Dengan tidak canggung.. kami mulai saling ngobrol.
Kubelikan dia minuman agar kami menjadi semakin akrab.

”Nggak usah.. Mas. Jangan repot-repot..” dia menolak dengan halus.
“Nggak apa-apa.. Mbak.. saya senang dapat teman baru..” Sahutku dengan senyum menggoda..

Sambil terus mencuri-curi pandang ke arah buah dadanya yang over size itu..
Kubayangkan kepalaku tenggelam dalam belahannya yang curam dan lembut.. ugh betapa nikmatnya.

”Betah kerja di sini..?” Tanya Ratna lebih jauh.
“Yah.. lumayan. Apalagi kalau ditemenin wanita cantik seperti Mbak..”
Kataku menggoda sambil menaikkan sedikit kepalaku.. sehingga bisa melihat lebih dalam tonjolan buah dadanya.

Ratna ikut tersenyum sambil semakin merendahkan dadanya..
Membuat segala yang ada di sana jadi menggantung sangat indah. “Ah.. mas bisa aja..” sahutnya.

“Mbak di sini kerja apa..?” Tanyaku penasaran.
“Saya ngajar kesenian di SD.. cuma bantu-bantu..
Biar ada kegiatan sambil nungguin anak saya yang lagi diterapi..” jelasnya.

”Diterapi..?” Tanyaku tak mengerti.. dengan mata kembali mencuri ke arah belahan buah dadanya.
”Iya..” ia mulai menjelaskan segala tentang Alya.. putri kecilnya yang divonis autis oleh dokter.

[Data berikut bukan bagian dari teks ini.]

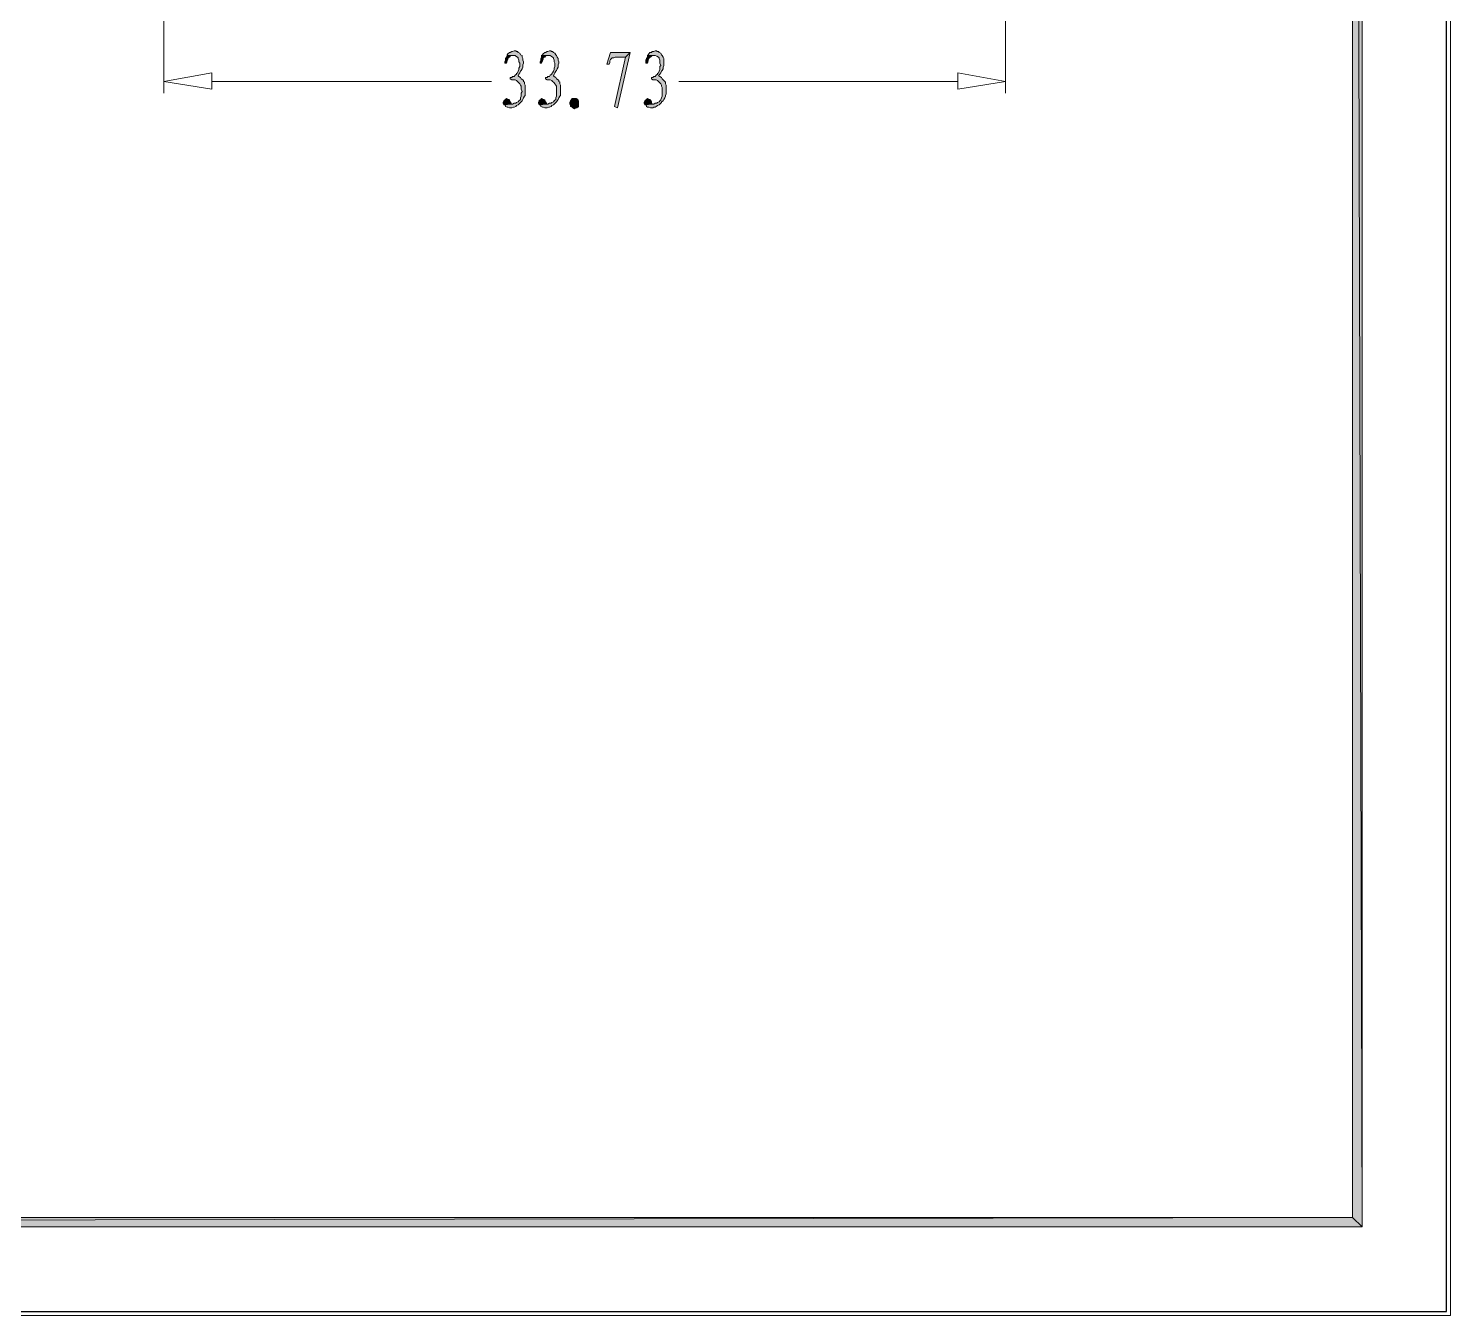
# Model space of a CAD drawing. Header units: inches. Extents: x 7 to 289, y 10 to 206.
# Drawn here: x 212.1 to 288.9, y 10.2 to 79.7 of the extents above; entities that cross this region are included whole.
import ezdxf

# ---------------------------------------------------------------- set-up
doc = ezdxf.new("R2010")
doc.units = ezdxf.units.IN
doc.header["$MEASUREMENT"] = 0
doc.layers.add('图层 1', color=7, linetype='Continuous')

# ---------------------------------------------------------------- blocks, each defined once
blk = doc.blocks.new('block 2')
at = {"layer": '图层 1', "color": 7, "lineweight": 25, "true_color": 0xffffff}
blk.add_lwpolyline([(7.062, 10.406), (288.706, 10.406), (288.706, 206.113), (7.062, 206.113), (7.062, 10.406)], dxfattribs=at)
at = {"layer": '图层 1', "lineweight": 0}
blk.add_lwpolyline([(6.893, 203.7), (288.917, 203.7), (288.917, 10.194), (6.893, 10.194), (6.893, 203.7)], dxfattribs=at)

msp = doc.modelspace()

# ---------------------------------------------------------------- hatches: boundary and pattern name
at = {"layer": '图层 1', "true_color": 0xffffff}
for points in [[(284.134, 201.541), (283.626, 201.033), (284.134, 14.978)], [(283.626, 201.033), (284.134, 14.978), (283.626, 15.486)], [(284.134, 14.978), (283.626, 15.486), (11.888, 14.978)], [(283.626, 15.486), (11.888, 14.978), (11.888, 15.486)]]:
    msp.add_hatch(color=7, dxfattribs=at).paths.add_polyline_path(points)
at = {"layer": '图层 1', "true_color": 0xdda500}
for points in [[(238.329, 78.52), (238.244, 78.478), (238.202, 78.478), (238.117, 78.436), (238.075, 78.436), (237.99, 78.351), (237.948, 78.308), (237.948, 78.266), (238.287, 78.266), (238.371, 78.266), (238.414, 78.224), (238.498, 78.182), (238.54, 78.139), (238.54, 78.097), (238.583, 78.012), (238.583, 77.928), (238.625, 77.843), (238.625, 77.716), (238.625, 77.673), (238.583, 77.589), (238.583, 77.504), (238.54, 77.42), (238.498, 77.335), (238.456, 77.292), (238.456, 77.25), (238.371, 77.208), (238.329, 77.123), (238.244, 77.123), (238.202, 77.081), (238.117, 77.081), (238.117, 76.996), (238.202, 76.954), (238.287, 76.954), (238.371, 76.954), (238.456, 76.911), (238.498, 76.869), (238.54, 76.827), (238.583, 76.785), (238.625, 76.742), (238.668, 76.658), (238.71, 76.615), (238.71, 76.53), (238.71, 76.446), (238.752, 76.319), (238.71, 76.234), (238.71, 76.15), (238.71, 76.065), (238.668, 75.98), (238.668, 75.895), (238.625, 75.853), (238.583, 75.811), (238.54, 75.769), (238.456, 75.726), (238.414, 75.684), (238.329, 75.684), (238.244, 75.642), (238.159, 75.642), (237.778, 75.599), (237.863, 75.557), (237.863, 75.514), (237.948, 75.472), (237.99, 75.472), (238.075, 75.43), (238.159, 75.43), (238.202, 75.43), (238.287, 75.472), (238.329, 75.472), (238.414, 75.514), (238.456, 75.557), (238.54, 75.599), (238.583, 75.642), (238.668, 75.726), (238.71, 75.769), (238.752, 75.811), (238.795, 75.895), (238.837, 75.98), (238.879, 76.065), (238.922, 76.107), (238.922, 76.192), (238.922, 76.276), (238.922, 76.361), (238.922, 76.488), (238.922, 76.573), (238.922, 76.658), (238.879, 76.742), (238.879, 76.827), (238.837, 76.869), (238.837, 76.911), (238.795, 76.954), (238.71, 76.996), (238.668, 77.081), (238.583, 77.123), (238.54, 77.166), (238.583, 77.25), (238.625, 77.335), (238.668, 77.42), (238.71, 77.462), (238.752, 77.547), (238.795, 77.631), (238.795, 77.716), (238.795, 77.758), (238.837, 77.843), (238.837, 77.928), (238.795, 78.012), (238.795, 78.097), (238.752, 78.182), (238.752, 78.266), (238.668, 78.308), (238.625, 78.393), (238.54, 78.436), (238.498, 78.478), (238.456, 78.478), (238.414, 78.52)], [(240.234, 78.52), (240.149, 78.478), (240.107, 78.478), (240.022, 78.436), (239.98, 78.436), (239.895, 78.351), (239.853, 78.308), (239.811, 78.266), (240.192, 78.266), (240.276, 78.266), (240.318, 78.224), (240.403, 78.182), (240.446, 78.139), (240.446, 78.097), (240.488, 78.012), (240.488, 77.928), (240.53, 77.843), (240.53, 77.716), (240.53, 77.673), (240.488, 77.589), (240.488, 77.504), (240.446, 77.42), (240.403, 77.335), (240.361, 77.292), (240.361, 77.25), (240.276, 77.208), (240.234, 77.123), (240.149, 77.123), (240.107, 77.081), (240.022, 77.081), (240.022, 76.996), (240.107, 76.954), (240.192, 76.954), (240.276, 76.954), (240.361, 76.911), (240.403, 76.869), (240.446, 76.827), (240.488, 76.785), (240.53, 76.742), (240.572, 76.658), (240.615, 76.615), (240.615, 76.53), (240.615, 76.446), (240.615, 76.319), (240.615, 76.234), (240.615, 76.15), (240.615, 76.065), (240.572, 75.98), (240.572, 75.895), (240.53, 75.853), (240.488, 75.811), (240.446, 75.769), (240.361, 75.726), (240.318, 75.684), (240.234, 75.684), (240.149, 75.642), (240.065, 75.642), (239.684, 75.599), (239.768, 75.557), (239.768, 75.514), (239.853, 75.472), (239.895, 75.472), (239.98, 75.43), (240.065, 75.43), (240.107, 75.43), (240.192, 75.472), (240.234, 75.472), (240.318, 75.514), (240.361, 75.557), (240.446, 75.599), (240.488, 75.642), (240.572, 75.726), (240.615, 75.769), (240.657, 75.811), (240.7, 75.895), (240.742, 75.98), (240.784, 76.065), (240.827, 76.107), (240.827, 76.192), (240.827, 76.276), (240.827, 76.361), (240.827, 76.488), (240.827, 76.573), (240.827, 76.658), (240.784, 76.742), (240.784, 76.827), (240.742, 76.869), (240.742, 76.911), (240.7, 76.954), (240.615, 76.996), (240.572, 77.081), (240.488, 77.123), (240.446, 77.166), (240.488, 77.25), (240.53, 77.335), (240.572, 77.42), (240.615, 77.462), (240.657, 77.547), (240.7, 77.631), (240.7, 77.716), (240.7, 77.758), (240.742, 77.843), (240.742, 77.928), (240.7, 78.012), (240.7, 78.097), (240.657, 78.182), (240.615, 78.266), (240.572, 78.308), (240.53, 78.393), (240.446, 78.436), (240.403, 78.478), (240.318, 78.478), (240.318, 78.52)], [(244.594, 78.436), (243.536, 78.436), (243.324, 77.801), (243.451, 77.801), (243.493, 77.885), (243.493, 77.97), (243.536, 78.054), (243.578, 78.097), (243.621, 78.139), (243.705, 78.139), (243.79, 78.182), (244.34, 78.182)], [(244.594, 78.436), (244.34, 78.182), (243.747, 75.514), (243.917, 75.43)], [(245.949, 78.52), (245.864, 78.478), (245.78, 78.478), (245.737, 78.436), (245.653, 78.436), (245.61, 78.351), (245.568, 78.308), (245.526, 78.266), (245.906, 78.266), (245.949, 78.266), (246.034, 78.224), (246.118, 78.182), (246.161, 78.139), (246.161, 78.097), (246.203, 78.012), (246.203, 77.928), (246.203, 77.843), (246.245, 77.716), (246.203, 77.673), (246.203, 77.589), (246.203, 77.504), (246.161, 77.42), (246.118, 77.335), (246.076, 77.292), (246.076, 77.25), (245.991, 77.208), (245.949, 77.123), (245.864, 77.123), (245.822, 77.081), (245.737, 77.081), (245.737, 76.996), (245.822, 76.954), (245.906, 76.954), (245.991, 76.954), (246.076, 76.911), (246.118, 76.869), (246.161, 76.827), (246.203, 76.785), (246.245, 76.742), (246.287, 76.658), (246.287, 76.615), (246.33, 76.53), (246.33, 76.446), (246.33, 76.319), (246.33, 76.234), (246.33, 76.15), (246.33, 76.065), (246.287, 75.98), (246.245, 75.895), (246.245, 75.853), (246.203, 75.811), (246.161, 75.769), (246.076, 75.726), (246.034, 75.684), (245.949, 75.684), (245.864, 75.642), (245.78, 75.642), (245.399, 75.599), (245.483, 75.557), (245.483, 75.514), (245.526, 75.472), (245.61, 75.472), (245.695, 75.43), (245.78, 75.43), (245.822, 75.43), (245.864, 75.472), (245.949, 75.472), (245.991, 75.514), (246.076, 75.557), (246.161, 75.599), (246.203, 75.642), (246.287, 75.726), (246.287, 75.769), (246.372, 75.811), (246.415, 75.895), (246.457, 75.98), (246.499, 76.065), (246.499, 76.107), (246.542, 76.192), (246.542, 76.276), (246.542, 76.361), (246.542, 76.488), (246.542, 76.573), (246.542, 76.658), (246.499, 76.742), (246.499, 76.827), (246.457, 76.869), (246.415, 76.911), (246.372, 76.954), (246.33, 76.996), (246.287, 77.081), (246.203, 77.123), (246.118, 77.166), (246.203, 77.25), (246.245, 77.335), (246.287, 77.42), (246.33, 77.462), (246.372, 77.547), (246.372, 77.631), (246.415, 77.716), (246.415, 77.758), (246.415, 77.843), (246.415, 77.928), (246.415, 78.012), (246.415, 78.097), (246.372, 78.182), (246.33, 78.266), (246.287, 78.308), (246.245, 78.393), (246.161, 78.436), (246.118, 78.478), (246.034, 78.478), (246.034, 78.52)], [(237.948, 78.266), (237.906, 78.182), (237.863, 78.097), (237.863, 78.012), (237.821, 77.928), (237.821, 77.843), (237.906, 77.843), (237.948, 77.97), (237.99, 78.054), (237.99, 78.097), (238.033, 78.182), (238.075, 78.182), (238.117, 78.224), (238.202, 78.266), (238.287, 78.266)], [(239.811, 78.266), (239.811, 78.182), (239.768, 78.097), (239.768, 78.012), (239.726, 77.928), (239.726, 77.843), (239.811, 77.843), (239.853, 77.97), (239.895, 78.054), (239.895, 78.097), (239.937, 78.182), (239.98, 78.182), (240.022, 78.224), (240.107, 78.266), (240.192, 78.266)], [(245.526, 78.266), (245.526, 78.182), (245.483, 78.097), (245.441, 78.012), (245.441, 77.928), (245.441, 77.843), (245.526, 77.843), (245.568, 77.97), (245.568, 78.054), (245.61, 78.097), (245.653, 78.182), (245.695, 78.182), (245.737, 78.224), (245.822, 78.266), (245.906, 78.266)], [(237.906, 75.938), (237.863, 75.895), (237.778, 75.853), (237.778, 75.811), (237.736, 75.726), (237.736, 75.684), (237.778, 75.599), (238.159, 75.642), (238.159, 75.684), (238.117, 75.769), (238.075, 75.853), (238.033, 75.895), (237.99, 75.895)], [(239.811, 75.938), (239.768, 75.895), (239.684, 75.853), (239.684, 75.811), (239.641, 75.726), (239.641, 75.684), (239.684, 75.599), (240.065, 75.642), (240.065, 75.684), (240.022, 75.769), (239.98, 75.853), (239.937, 75.895), (239.895, 75.895)], [(241.715, 75.43), (241.631, 75.43), (241.589, 75.388), (241.504, 75.43), (241.462, 75.472), (241.377, 75.514), (241.377, 75.557), (241.334, 75.642), (241.334, 75.726), (241.377, 75.811), (241.419, 75.895), (241.462, 75.938), (241.504, 75.938), (241.546, 75.938), (241.631, 75.938), (241.673, 75.938), (241.758, 75.895), (241.8, 75.811), (241.8, 75.726), (241.8, 75.684), (241.8, 75.599), (241.8, 75.514), (241.758, 75.472)], [(245.526, 75.938), (245.483, 75.895), (245.399, 75.853), (245.399, 75.811), (245.356, 75.726), (245.356, 75.684), (245.399, 75.599), (245.78, 75.642), (245.737, 75.684), (245.737, 75.769), (245.695, 75.853), (245.653, 75.895), (245.61, 75.895)]]:
    msp.add_hatch(color=42, dxfattribs=at).paths.add_polyline_path(points)

# ---------------------------------------------------------------- linework, layer by layer
at = {"layer": '图层 1', "lineweight": 0}
for points in [[(284.134, 201.541), (283.626, 201.033), (284.134, 14.978), (284.134, 201.541)], [(283.626, 201.033), (284.134, 14.978), (283.626, 15.486), (283.626, 201.033)], [(238.329, 78.52), (238.244, 78.478), (238.202, 78.478), (238.117, 78.436), (238.075, 78.436), (237.99, 78.351), (237.948, 78.308), (237.948, 78.266), (238.287, 78.266), (238.371, 78.266), (238.414, 78.224), (238.498, 78.182), (238.54, 78.139), (238.54, 78.097), (238.583, 78.012), (238.583, 77.928), (238.625, 77.843), (238.625, 77.716), (238.625, 77.673), (238.583, 77.589), (238.583, 77.504), (238.54, 77.42), (238.498, 77.335), (238.456, 77.292), (238.456, 77.25), (238.371, 77.208), (238.329, 77.123), (238.244, 77.123), (238.202, 77.081), (238.117, 77.081), (238.117, 76.996), (238.202, 76.954), (238.287, 76.954), (238.371, 76.954), (238.456, 76.911), (238.498, 76.869), (238.54, 76.827), (238.583, 76.785), (238.625, 76.742), (238.668, 76.658), (238.71, 76.615), (238.71, 76.53), (238.71, 76.446), (238.752, 76.319), (238.71, 76.234), (238.71, 76.15), (238.71, 76.065), (238.668, 75.98), (238.668, 75.895), (238.625, 75.853), (238.583, 75.811), (238.54, 75.769), (238.456, 75.726), (238.414, 75.684), (238.329, 75.684), (238.244, 75.642), (238.159, 75.642), (237.778, 75.599), (237.863, 75.557), (237.863, 75.514), (237.948, 75.472), (237.99, 75.472), (238.075, 75.43), (238.159, 75.43), (238.202, 75.43), (238.287, 75.472), (238.329, 75.472), (238.414, 75.514), (238.456, 75.557), (238.54, 75.599), (238.583, 75.642), (238.668, 75.726), (238.71, 75.769), (238.752, 75.811), (238.795, 75.895), (238.837, 75.98), (238.879, 76.065), (238.922, 76.107), (238.922, 76.192), (238.922, 76.276), (238.922, 76.361), (238.922, 76.488), (238.922, 76.573), (238.922, 76.658), (238.879, 76.742), (238.879, 76.827), (238.837, 76.869), (238.837, 76.911), (238.795, 76.954), (238.71, 76.996), (238.668, 77.081), (238.583, 77.123), (238.54, 77.166), (238.583, 77.25), (238.625, 77.335), (238.668, 77.42), (238.71, 77.462), (238.752, 77.547), (238.795, 77.631), (238.795, 77.716), (238.795, 77.758), (238.837, 77.843), (238.837, 77.928), (238.795, 78.012), (238.795, 78.097), (238.752, 78.182), (238.752, 78.266), (238.668, 78.308), (238.625, 78.393), (238.54, 78.436), (238.498, 78.478), (238.456, 78.478), (238.414, 78.52), (238.329, 78.52)], [(240.234, 78.52), (240.149, 78.478), (240.107, 78.478), (240.022, 78.436), (239.98, 78.436), (239.895, 78.351), (239.853, 78.308), (239.811, 78.266), (240.192, 78.266), (240.276, 78.266), (240.318, 78.224), (240.403, 78.182), (240.446, 78.139), (240.446, 78.097), (240.488, 78.012), (240.488, 77.928), (240.53, 77.843), (240.53, 77.716), (240.53, 77.673), (240.488, 77.589), (240.488, 77.504), (240.446, 77.42), (240.403, 77.335), (240.361, 77.292), (240.361, 77.25), (240.276, 77.208), (240.234, 77.123), (240.149, 77.123), (240.107, 77.081), (240.022, 77.081), (240.022, 76.996), (240.107, 76.954), (240.192, 76.954), (240.276, 76.954), (240.361, 76.911), (240.403, 76.869), (240.446, 76.827), (240.488, 76.785), (240.53, 76.742), (240.572, 76.658), (240.615, 76.615), (240.615, 76.53), (240.615, 76.446), (240.615, 76.319), (240.615, 76.234), (240.615, 76.15), (240.615, 76.065), (240.572, 75.98), (240.572, 75.895), (240.53, 75.853), (240.488, 75.811), (240.446, 75.769), (240.361, 75.726), (240.318, 75.684), (240.234, 75.684), (240.149, 75.642), (240.065, 75.642), (239.684, 75.599), (239.768, 75.557), (239.768, 75.514), (239.853, 75.472), (239.895, 75.472), (239.98, 75.43), (240.065, 75.43), (240.107, 75.43), (240.192, 75.472), (240.234, 75.472), (240.318, 75.514), (240.361, 75.557), (240.446, 75.599), (240.488, 75.642), (240.572, 75.726), (240.615, 75.769), (240.657, 75.811), (240.7, 75.895), (240.742, 75.98), (240.784, 76.065), (240.827, 76.107), (240.827, 76.192), (240.827, 76.276), (240.827, 76.361), (240.827, 76.488), (240.827, 76.573), (240.827, 76.658), (240.784, 76.742), (240.784, 76.827), (240.742, 76.869), (240.742, 76.911), (240.7, 76.954), (240.615, 76.996), (240.572, 77.081), (240.488, 77.123), (240.446, 77.166), (240.488, 77.25), (240.53, 77.335), (240.572, 77.42), (240.615, 77.462), (240.657, 77.547), (240.7, 77.631), (240.7, 77.716), (240.7, 77.758), (240.742, 77.843), (240.742, 77.928), (240.7, 78.012), (240.7, 78.097), (240.657, 78.182), (240.615, 78.266), (240.572, 78.308), (240.53, 78.393), (240.446, 78.436), (240.403, 78.478), (240.318, 78.478), (240.318, 78.52), (240.234, 78.52)], [(244.594, 78.436), (243.536, 78.436), (243.324, 77.801), (243.451, 77.801), (243.493, 77.885), (243.493, 77.97), (243.536, 78.054), (243.578, 78.097), (243.621, 78.139), (243.705, 78.139), (243.79, 78.182), (244.34, 78.182), (244.594, 78.436)], [(244.594, 78.436), (244.34, 78.182), (243.747, 75.514), (243.917, 75.43), (244.594, 78.436)], [(245.949, 78.52), (245.864, 78.478), (245.78, 78.478), (245.737, 78.436), (245.653, 78.436), (245.61, 78.351), (245.568, 78.308), (245.526, 78.266), (245.906, 78.266), (245.949, 78.266), (246.034, 78.224), (246.118, 78.182), (246.161, 78.139), (246.161, 78.097), (246.203, 78.012), (246.203, 77.928), (246.203, 77.843), (246.245, 77.716), (246.203, 77.673), (246.203, 77.589), (246.203, 77.504), (246.161, 77.42), (246.118, 77.335), (246.076, 77.292), (246.076, 77.25), (245.991, 77.208), (245.949, 77.123), (245.864, 77.123), (245.822, 77.081), (245.737, 77.081), (245.737, 76.996), (245.822, 76.954), (245.906, 76.954), (245.991, 76.954), (246.076, 76.911), (246.118, 76.869), (246.161, 76.827), (246.203, 76.785), (246.245, 76.742), (246.287, 76.658), (246.287, 76.615), (246.33, 76.53), (246.33, 76.446), (246.33, 76.319), (246.33, 76.234), (246.33, 76.15), (246.33, 76.065), (246.287, 75.98), (246.245, 75.895), (246.245, 75.853), (246.203, 75.811), (246.161, 75.769), (246.076, 75.726), (246.034, 75.684), (245.949, 75.684), (245.864, 75.642), (245.78, 75.642), (245.399, 75.599), (245.483, 75.557), (245.483, 75.514), (245.526, 75.472), (245.61, 75.472), (245.695, 75.43), (245.78, 75.43), (245.822, 75.43), (245.864, 75.472), (245.949, 75.472), (245.991, 75.514), (246.076, 75.557), (246.161, 75.599), (246.203, 75.642), (246.287, 75.726), (246.287, 75.769), (246.372, 75.811), (246.415, 75.895), (246.457, 75.98), (246.499, 76.065), (246.499, 76.107), (246.542, 76.192), (246.542, 76.276), (246.542, 76.361), (246.542, 76.488), (246.542, 76.573), (246.542, 76.658), (246.499, 76.742), (246.499, 76.827), (246.457, 76.869), (246.415, 76.911), (246.372, 76.954), (246.33, 76.996), (246.287, 77.081), (246.203, 77.123), (246.118, 77.166), (246.203, 77.25), (246.245, 77.335), (246.287, 77.42), (246.33, 77.462), (246.372, 77.547), (246.372, 77.631), (246.415, 77.716), (246.415, 77.758), (246.415, 77.843), (246.415, 77.928), (246.415, 78.012), (246.415, 78.097), (246.372, 78.182), (246.33, 78.266), (246.287, 78.308), (246.245, 78.393), (246.161, 78.436), (246.118, 78.478), (246.034, 78.478), (246.034, 78.52), (245.949, 78.52)], [(237.948, 78.266), (237.906, 78.182), (237.863, 78.097), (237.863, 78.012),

”Begitu mendengar kalo di sini ada terapi autis yang bagus.. saya langsung ke sini..” tambahnya.
Aku ikut simpati mendengarnya.. tapi tetap tak menyurutkan niatku untuk bisa menikmati kesintalan tubuhnya.
Habis sudah telanjur konak sih.

Sore itu kami ngomong banyak..
Ratna curhat banyak kepadaku bak teman lama yang baru bertemu kembali.

Tapi saat kuutarakan niatku.. dia langsung menyuruhku untuk diam. ”Iya.. saya mengerti..” potongnya.
”Seperti yang biasa dilakukan mas Alim dan teman-temannya kan..?” Tebaknya. Aku mengangguk.

”Jadi.. kita langsung aja..?” Tanyaku sambil melirik paha mulusnya yang dibalut rok pendek ketat selutut.
”Tarifnya tigaratus ribu sehari.. sudah tau kan..?” Tanyanya. Aku mengangguk lagi.

Uang segitu sih kecil buatku.. malah menurutku sangat murah bila dibanding tubuhnya yang sintal.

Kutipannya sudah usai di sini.